After unpacking the sword I found it's saya to fit snugly and the ito while very slightly on the fuzzy side is wrapped very tightly. I do have two pins holding my blade in place. Overall this sword feels very much like a tank. The blade is in a lovely condition as well, given my untrained eye it looks to be flawless. 

That said I took some of the packaging out back for some practice cutting. The sword went through the poor helpless cardboard like the ever proverbial hot knife through butter. 

In the event I can outsmart my camera I'll try to post up some pics.

----------


## Timo Qvintus

Congrats on a new sword. Remember that recycled cardboard contains all kinds of crap (even glass), so cutting it will dull your sword prematurely.

----------


## SteveW

glass as in the liquid form of sand or fiberglass?

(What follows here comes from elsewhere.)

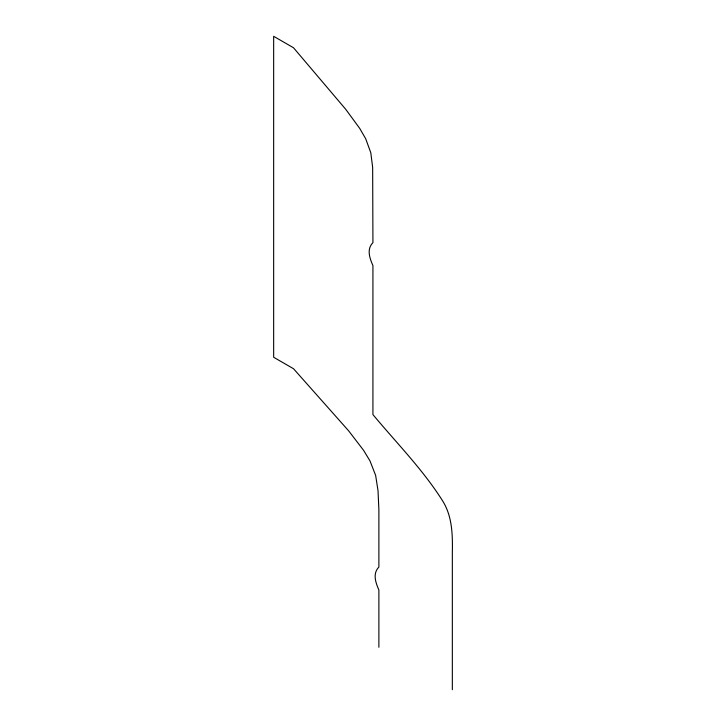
<?xml version="1.0" encoding="UTF-8"?>
<svg xmlns="http://www.w3.org/2000/svg" width="726" height="726" viewBox="0 0 726 726"><rect width="100%" height="100%" fill="white"/><g stroke="black" fill="none" stroke-linecap="round" stroke-linejoin="round"><path stroke-width="1.09" d="M452.343 689.7L452.343 552.141C452.679 534.554 452.234 515.887 442.415 500.559C422.677 469.332 396.46 442.887 372.928 414.582L372.928 265.562C369.706 258.293 366.412 249.227 372.928 242.638L372.656 167.316L370.786 152.723L365.686 138.739L359.715 128.393L345.685 109.254L293.513 47.762L273.657 36.3L273.657 357.265L293.513 368.726L348.661 430.854L363.572 450.311L369.997 460.919L375.641 475.412L378.028 490.731L378.881 509.725L378.881 567.042C372.411 573.64 375.678 582.697 378.881 589.975L378.881 647.283"/></g></svg>

and I didn't know that recycled cardboard contained that additional crap in it, noted and sword will not touch it again.

----------


## Kmark

Glad it arrived safely, Steve.  If I were you, I'd untie the decorative sageo knot and just leave it free flowing, or tied loosely like mine.  It damages the saya underneath if left like that.  

I'm still impressed that even though it's inexpensive, the overall quality of the whole sword is above average compared to other blades in this price range.

----------


## SteveW

Thanks for the heads up on that Kmark, I didn't quite do free flowing but I didn't exactly retie it either. 

I too am impressed with this sword. I've handled a few others when I lived in Boise and they wern't worth writing much about and the few that the store had cost more too.

----------


## Clyde Thomas

May I ask where the point of balance is on the sword?

----------


## SteveW

You may ask but I don't have an answer for you. The best I can say is the sword is very blade heavy. If one make a cut with it, one knows one is cutting with a sword designed to do what it is designed to do. Cut through mongol armor. I've handled a few other swords before, mostly Henwai offerings and they felt a tad more evenly balanced than the shobu does.

----------


## Clyde Thomas

Interesting. How does the tang fit in the tuska?

----------


## SteveW

very snugly. the wrap is tight and there is zero wiggle.

----------


## Clyde Thomas

Thanks for the info man. I'll definitely have to look in to one of those.

----------


## SteveW

Happy to provide input.  :Big Grin:

----------